I agree with Donna, although I did not think of same, loops & sprinkles on the straw(s! go for it - two straws!) (sprinkles on the top part, don't mess with the champagne!) FTLC, agreeeeeed, jeans, tight ( I cannot help it, I've always been a leg and @ss man - above the waist has always been for me - whatever; legs and butt, I'm there). V day we're doing Las Vegas. Private helicopter tour of the big ditch (Grand Canyon), champagne lunch on the canyon floor, finish the evening at Mon Ami' with another bottle of champagne (no sense messing up a good day with more food). Flowers are already ordered for check in Friday evening. Maybe wander back home on Monday or Tuesday. ooopsy, just booked the flight back for Tuesday late. Eerrrmmmm, Sniggggerrrs. I AM surviving the big D, just as every one else should. You all deserve it, and you know it! Have a great V day, what ever you do.
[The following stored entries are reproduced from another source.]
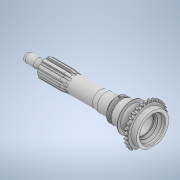
# Autodesk Inventor part: 68. Первичный вал
Saved by Autodesk Inventor 2021 (Build 250183000, 183)
## iProperties
Created: 2021-03-21
Part Number: 68. Первичный вал
Material: Типовые
Document SubType Name: Modeling
Designer: Данил
Density: 1 g/cm^3
Appearance: По умолчанию
Author: Данил
Autodesk Inventor part; units mm, degrees
sketch "Эскиз1" plane through (0, 0, 0) normal (0, 0, 1) x (1, 0, 0)
  line L0 (-123.25, 0) -> (123.25, 0)
  line L1 (-123.25, 0) -> (-123.25, -7.4282)
  line L2 (-119.25, -8.5) -> (-102.35, -8.5)
  line L3 (-119.25, -8.5) -> (-123.25, -7.4282)
  line L4 (-102.25, -8.6) -> (-102.25, -8.65)
  line L5 (-102.15, -8.75) -> (-91.25, -8.75)
  arc A0 (-102.25, -8.6) -> (-102.35, -8.5) centre (-102.35, -8.6) ccw
  arc A1 (-102.25, -8.65) -> (-102.15, -8.75) centre (-102.15, -8.65) ccw
  line L6 (-89.25, -10.75) -> (-89.25, -17.5)
  line L7 (-89.25, -17.5) -> (-43.25, -17.5)
  arc A2 (-89.25, -10.75) -> (-91.25, -8.75) centre (-91.25, -10.75) ccw
  line L8 (-43.25, -17.5) -> (-32.5769, -16)
  line L9 (-32.5769, -16) -> (20.5769, -16)
  line L10 (20.5769, -16) -> (31.25, -17.5)
  line L11 (31.25, -17.5) -> (50.5, -17.5)
  line L12 (50.5, -17.5) -> (50.6036, -17.3964)
  line L13 (50.9571, -17.25) -> (52.75, -17.25)
  line L14 (53.75, -18.25) -> (53.75, -21.5)
  arc A3 (50.9571, -17.25) -> (50.6036, -17.3964) centre (50.9571, -17.75) ccw
  arc A4 (53.75, -18.25) -> (52.75, -17.25) centre (52.75, -18.25) ccw
  line L15 (54.75, -22.5) -> (60.75, -22.5)
  line L16 (54.75, -22.5) -> (53.75, -21.5)
  line L17 (60.75, -22.5) -> (61.7036, -21.5464)
  line L18 (62.0571, -21.4) -> (63.35, -21.4)
  line L19 (64.35, -22.4) -> (64.35, -22.5)
  arc A5 (62.0571, -21.4) -> (61.7036, -21.5464) centre (62.0571, -21.9) ccw
  arc A6 (64.35, -22.4) -> (63.35, -21.4) centre (63.35, -22.4) ccw
  line L20 (64.35, -22.5) -> (78.1, -22.5)
  line L21 (78.1, -22.5) -> (78.2036, -22.3964)
  line L22 (78.5571, -22.25) -> (80.35, -22.25)
  line L23 (81.35, -23.25) -> (81.35, -28.25)
  arc A7 (78.5571, -22.25) -> (78.2036, -22.3964) centre (78.5571, -22.75) ccw
  arc A8 (81.35, -23.25) -> (80.35, -22.25) centre (80.35, -23.25) ccw
  line L24 (81.35, -28.25) -> (82.45, -28.25)
  line L25 (82.45, -28.25) -> (82.45, -36.4175)
  line L26 (82.45, -36.4175) -> (102.35, -36.4175)
  line L27 (102.35, -36.4175) -> (102.35, -30)
  line L28 (104.35, -28) -> (104.85, -28)
  line L29 (106.85, -30) -> (106.85, -40.5)
  arc A9 (104.35, -28) -> (102.35, -30) centre (104.35, -30) ccw
  arc A10 (106.85, -30) -> (104.85, -28) centre (104.85, -30) ccw
  line L30 (106.85, -40.5) -> (112.35, -40.5)
  line L31 (112.35, -40.5) -> (112.35, -32)
  line L32 (112.35, -32) -> (123.25, -31.5)
  line L33 (123.25, -31.5) -> (123.25, -26)
  line L34 (123.25, -26) -> (121.5179, -25)
  line L35 (121.5179, -25) -> (116.25, -25)
  line L36 (112.25, -21) -> (112.25, -20.4047)
  arc A11 (112.25, -21) -> (116.25, -25) centre (116.25, -21) ccw
  line L37 (112.25, -20.4047) -> (110.25, -19.25)
  line L38 (110.25, -19.25) -> (107.85, -19.25)
  line L39 (105.05, -19.25) -> (88.95, -19.25)
  line L40 (88.95, -19.25) -> (88.95, -19.75)
  line L41 (88.95, -19.75) -> (86.45, -19.75)
  line L42 (86.45, -19.75) -> (86.45, -15.6547)
  line L43 (86.45, -15.6547) -> (84.45, -14.5)
  line L44 (84.45, -14.5) -> (79.25, -14.5)
  line L45 (79.25, -14.5) -> (70.8784, 0)
  line L46 (105.05, -19.25) -> (105.05, -20.75)
  line L47 (106.05, -21.75) -> (106.85, -21.75)
  line L48 (107.85, -20.75) -> (107.85, -19.25)
  arc A12 (105.05, -20.75) -> (106.05, -21.75) centre (106.05, -20.75) ccw
  arc A13 (106.85, -21.75) -> (107.85, -20.75) centre (106.85, -20.75) ccw
  point P0 (0, 0)
  point P1 (0, 0)
  point P2 (-123.25, -8.5)
  point P3 (50.75, -17.25)
  point P4 (53.75, -22.5)
  point P5 (61.85, -21.4)
  point P6 (78.35, -22.25)
  point P7 (106.45, -21.75)
  dimension "d0" = 246.5
  dimension "d1" = 17
  dimension "d2" = 4
  dimension "d3" = 15
  dimension "d4" = 17.5
  dimension "d5" = 21
  dimension "d6" = 0.1
  dimension "d7" = 35
  dimension "d8" = 2
  dimension "d9" = 46
  dimension "d10" = 8
  dimension "d11" = 32
  dimension "d12" = 8
  dimension "d13" = 35
  dimension "d14" = 34
  dimension "d15" = 45
  dimension "d16" = 3
  dimension "d17" = 34.5
  dimension "d18" = 0.5
  dimension "d19" = 1
  dimension "d20" = 69.5
  dimension "d21" = 1
  dimension "d22" = 45
  dimension "d23" = 45
  dimension "d24" = 7
  dimension "d25" = 45
  dimension "d26" = 2.5
  dimension "d27" = 0.5
  dimension "d28" = 1
  dimension "d29" = 42.8
  dimension "d30" = 45
  dimension "d31" = 45
  dimension "d32" = 3
  dimension "d33" = 0.5
  dimension "d34" = 1
  dimension "d35" = 44.5
  dimension "d36" = 17
  dimension "d37" = 56.5
  dimension "d38" = 1.1
  dimension "d39" = 72.835
  dimension "d40" = 2
  dimension "d41" = 2
  dimension "d42" = 81
  dimension "d43" = 5.5
  dimension "d44" = 64
  dimension "d45" = 56
  dimension "d46" = 63
  dimension "d47" = 21
  dimension "d48" = 31
  dimension "d50" = 52
  dimension "d51" = 50
  dimension "d52" = 30
  dimension "d53" = 11
  dimension "d54" = 4
  dimension "d55" = 38.5
  dimension "d56" = 30
  dimension "d57" = 2
  dimension "d59" = 2.8
  dimension "d60" = 39.5
  dimension "d61" = 2.5
  dimension "d63" = 30
  dimension "d64" = 2
  dimension "d65" = 60
  dimension "d66" = 29
  constraints: 98 end point, 28 point on circle, 28 tangent, 15 horizontal, 14 centre point, 13 perpendicular, 11 point on line, 8 vertical, 2 coincident, 2 equal radius, 2 midpoint, 1 horizontal alignment, 1 vertical alignment
  measures "d0" distance of L0.start L0.end
  measures "d1" diameter of L2 L0
  measures "d2" distance of L2.start point (-123.25, -8.5)
  measures "d3" angle of L2 L3
  measures "d4" diameter of L5 L0
  measures "d5" distance from line of L0.start L4
  measures "d6" radius of A0
  measures "d7" diameter of L7 L0
  measures "d8" radius of A2
  measures "d9" distance from line of L7.end L6
  measures "d10" angle of L9 L8
  measures "d11" diameter of L9 L0
  measures "d12" angle of L11 L10
  measures "d13" diameter of L11 L0
  measures "d14" distance from line of L0.start L6
  measures "d15" angle of L14 L12
  measures "d16" distance from line of L14 point (50.75, -17.25)
  measures "d17" diameter of L13 L0
  measures "d18" radius of A3
  measures "d19" radius of A4
  measures "d20" distance from line of L0.end L14
  measures "d21" distance of L15.start point (53.75, -22.5)
  measures "d22" angle of L15 L16
  measures "d23" diameter of L15 L0
  measures "d24" distance from line of L15.end L14
  measures "d25" angle of L19 L17
  measures "d26" distance from line of L19 point (61.85, -21.4)
  measures "d27" radius of A5
  measures "d28" radius of A6
  measures "d29" diameter of L18 L0
  measures "d30" diameter of L20 L0
  measures "d31" angle of L21 L23
  measures "d32" distance from line of L23 point (78.35, -22.25)
  measures "d33" radius of A7
  measures "d34" radius of A8
  measures "d35" diameter of L22 L0
  measures "d36" distance between parallel lines of L23 L19
  measures "d37" diameter of L24 L0
  measures "d38" distance of L23.end L24.end
  measures "d39" diameter of L26 L0
  measures "d40" radius of A9
  measures "d41" radius of A10
  measures "d42" diameter of L30 L0
  measures "d43" distance of L29.end L30.end
  measures "d44" diameter of L31.end L0
  measures "d45" diameter of L28 L0
  measures "d46" diameter of L32.end L0
  measures "d47" distance between parallel lines of L27 L23
  measures "d48" distance between parallel lines of L31 L23
  measures "d50" diameter of L33.end L0
  measures "d51" diameter of L34.end L0
  measures "d52" angle of L35 L34
  measures "d53" distance between parallel lines of L36 L33
  measures "d54" radius of A11
  measures "d55" diameter of L38 L0
  measures "d56" angle of L38 L37
  measures "d57" horizontal distance of L36.end L37.end
  measures "d59" distance of L38.end L39.start
  measures "d60" diameter of L41 L0
  measures "d61" distance of L40.end L41.end
  measures "d63" angle of L39 L43
  measures "d64" distance from line of L43.end L42
  measures "d65" angle of L0 L45
  measures "d66" diameter of L44 L0
revolve "Вращение1" add sketch "Эскиз1" angle 360 about axis through (-123.25, 0, 0) along (1, 0, 0)
thread "Резьба1" size "M45x1.5" class "6g" standard "ISO Metric profile" full length
ref_plane "РабПлоскость1" through (104.6, 0, 0) normal (-1, 0, 0) x (0, 0, 1)
sketch "Эскиз2" plane through (104.6, 0, 0) normal (-1, 0, 0) x (0, 0, 1)
  line L0 (8, 36.4175) -> (-8, 36.4175) construction
  circle A0 centre (0, 0) radius 36.4175 projected
  line L1 (8, -35.5279) -> (8, 35.5279)
  line L2 (-8, 35.5279) -> (-8, -35.5279)
  line L3 (-8, 26.8328) -> (-9.5, 26.8328)
  line L4 (-9.5, 26.8328) -> (-9.5, 16.7425)
  line L5 (-9.5, 16.7425) -> (-8, 16.7425)
  circle A1 centre (0, 0) radius 28 projected
  circle A2 centre (0, 0) radius 19.25 projected
  line L6 (8, -16.6854) -> (9.6, -16.6854)
  line L7 (9.6, -16.6854) -> (9.6, -26.8328)
  line L8 (9.6, -26.8328) -> (8, -26.8328)
  point P0 (0, 36.4175)
  dimension "d74" = 16
  dimension "d75" = 3
  dimension "d76" = 3.2
  constraints: 18 end point, 8 point on circle, 4 horizontal, 4 point on line, 3 perpendicular, 3 vertical alignment, 2 vertical, 1 midpoint, 1 tangent
  measures "d74" distance of L0.start L0.end
  measures "d75" diameter of L4 L2
  measures "d76" diameter of L7 L1
revolve "Вращение2" cut sketch "Эскиз2" angle 360 about axis through (104.6, -35.5279, 8) along (0, 1, 0) picked at (8.7139, -20.3543) picked at (8.8918, -16.7824) contours L1 A2 L7 A1 | A1 L7 L8 | L1 L6 A2
revolve "Вращение3" cut sketch "Эскиз2" angle 360 about axis through (104.6, 35.5279, -8) along (0, -1, 0) picked at (-8.6691, 20.372) picked at (-8.8359, 16.8325) contours A1 L4 L3 | L2 A2 L4 A1 | L2 L5 A2
sketch "Эскиз3" plane through (0, 0, 0) normal (0, 0, 1) x (1, 0, 0)
  line L0 (50.5, 17.5) -> (31.25, 17.5) projected
  line L1 (70.8784, 0) -> (79.25, -14.5) projected
  line L2 (83.9986, -8.3348) -> (48.5273, 22.5)
  line L3 (70.8784, 0) -> (79.25, 14.5) projected
  line L4 (64.3813, 5.6018) -> (64.3663, 5.5844)
  line L5 (64.3311, 5.5818) -> (46.8871, 20.6132)
  line L6 (60.75, 22.5) -> (54.75, 22.5) projected
  line L7 (46.8871, 20.6132) -> (48.5273, 22.5)
  line L8 (78.1, -22.5) -> (64.35, -22.5) projected
  arc A0 (64.3311, 5.5818) -> (64.3663, 5.5844) centre (64.3474, 5.6007) ccw
  arc A1 (64.4166, 5.6044) -> (64.3813, 5.6018) centre (64.4003, 5.5855) ccw
  line L9 (83.9986, -8.3348) -> (82.4916, -10.0723)
  line L10 (64.4166, 5.6044) -> (82.4916, -10.0723)
  point P0 (0, 0)
  point P1 (64.35, 5.5655)
  point P2 (72.0587, 2.0444)
  point P3 (64.3659, 5.584)
  dimension "d79" = 41
  dimension "d81" = 4.8
  dimension "d82" = 5
  dimension "d83" = 0.025
  dimension "d89" = 4.6
  dimension "d90" = 47
  constraints: 12 end point, 4 point on circle, 4 point on line, 4 tangent, 3 perpendicular, 2 centre point, 1 equal radius, 1 horizontal alignment, 1 vertical alignment
  measures "d79" angle of L0 L2
  measures "d81" diameter of point (64.35, 5.565) L2
  measures "d82" diameter of L5.end L2
  measures "d83" radius of A0
  measures "d89" diameter of L9.end L2
  measures "d90" distance of L2.start L2.end
revolve "Вращение4" cut sketch "Эскиз3" angle 360 about axis through (83.9986, -8.3348, 0) along (-0.7547096, 0.656059, 0)
sketch "Эскиз4" plane through (0, 0, 0) normal (0, 0, 1) x (1, 0, 0)
  line L0 (60.75, 22.5) -> (54.75, 22.5) projected
  line L1 (53.75, 18.0823) -> (53.75, -18.25) projected
  line L2 (53.75, 18.0823) -> (53.75, 21.2451) projected
  arc A0 (53.75, 19.5) -> (60.75, 22.5) centre (41.5648, 57.5988) ccw
  line L3 (54.75, 22.5) -> (53.75, 21.5) projected
  line L4 (53.75, 21.5) -> (53.75, -21.5) projected
  point P0 (0, 0)
  dimension "d85" = 40
  dimension "d86" = 3
  constraints: 2 point on circle, 1 centre point, 1 point on line
  measures "d85" radius of A0
  measures "d86" vertical distance of L0.start A0.start
extrude "Выдавливание1" cut sketch "Эскиз4" along normal mid plane 3
sketch "Эскиз5" plane through (-89.25, 0, 0) normal (-1, 0, 0) x (0, 0, 1)
  circle A0 centre (0, 0) radius 17.5 projected
  circle A1 centre (0, 0) radius 13.25
  line L0 (-1.4483, 13.1706) -> (-2.7827, 17.2773)
  line L1 (-6.5698, 11.5065) -> (-7.9041, 15.6133)
  line L2 (-6.5698, 11.5065) -> (-1.4483, 13.1706) construction
  line L3 (-8.9132, 9.8039) -> (-12.4066, 12.342)
  line L4 (-12.0784, 5.4474) -> (-15.5718, 7.9855)
  line L5 (-12.0784, 5.4474) -> (-8.9132, 9.8039) construction
  line L6 (-12.9735, 2.6925) -> (-17.2916, 2.6925)
  line L7 (-12.9735, -2.6925) -> (-17.2916, -2.6925)
  line L8 (-12.9735, -2.6925) -> (-12.9735, 2.6925) construction
  line L9 (-12.0784, -5.4474) -> (-15.5718, -7.9855)
  line L10 (-8.9132, -9.8039) -> (-12.4066, -12.342)
  line L11 (-8.9132, -9.8039) -> (-12.0784, -5.4474) construction
  line L12 (-6.5698, -11.5065) -> (-7.9041, -15.6133)
  line L13 (-1.4483, -13.1706) -> (-2.7827, -17.2773)
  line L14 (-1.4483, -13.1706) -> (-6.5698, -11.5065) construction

Thanks GB, you have a great day too! I'll be heading to my church for a movie, it's called Fireproof and it's about a couple that are heading for the big D but somehow turn it around. A romantic tearjerker! Wow, maybe some of the single women will be there and I can catch 'em when they're most vulnerable LOL. Well, tonight I went out and did some grocery shopping and then headed next door to the Drug Store to pick up some V Day stuff for my daughters. I walked through the door and standing five feet away from me is Coffee Buddy with her daughter. They were looking at some item near the entrance and I just walked on by. I just in an instant realized that approaching her was not something that does me any good, in fact, it brings back sh!t I don't need. They didn't see me so no harm done. It actually felt quite liberating to decide that I didn't need to talk to her as we have nothing really to say anymore. Polite crap is fine but I'll pass unless it would be rude to do so. I don't need that connection anymore. I guess that's a good thing. Little steps!
Sit on your left hand until it falls asleep. You'll feel like you're with someone else. It will make your right hand INSANELY jeleous! You go drama queen!
The "Coffeebuddy" thing is frustrating. She could have been a "Gymwoman", but she wigged out on you.
Yes FLTC, wigged out is an interesting description of her behaviour. Probably ditching my ass was the best thing she could have done for herself, we were becoming too cozy together and she had a R to protect. I understand that. But it was also a blow that came at the worst possible time for me and it damn well hurt! So I guess when I see her now I am not remembering the caring and the empathy, I'm remembering the hurt. I just don't want to stand around feeling strange because I don't know what to talk about anymore. The only thing we discuss is our kids, end of conversation. She never asks how I am or how I'm finding my apartment and she never tries to prolong the conversation. We're barely even acquaintances anymore and I just can't be bothered doing that. It probably just brings up negative stuff for both of us. I don't run into her very often but that connection is no longer one I wish to prolong. I used to feel that it was "adult" to stop and talk but maybe it's just plain stupid. So, unless it's unavoidable,I'm not doing it anymore!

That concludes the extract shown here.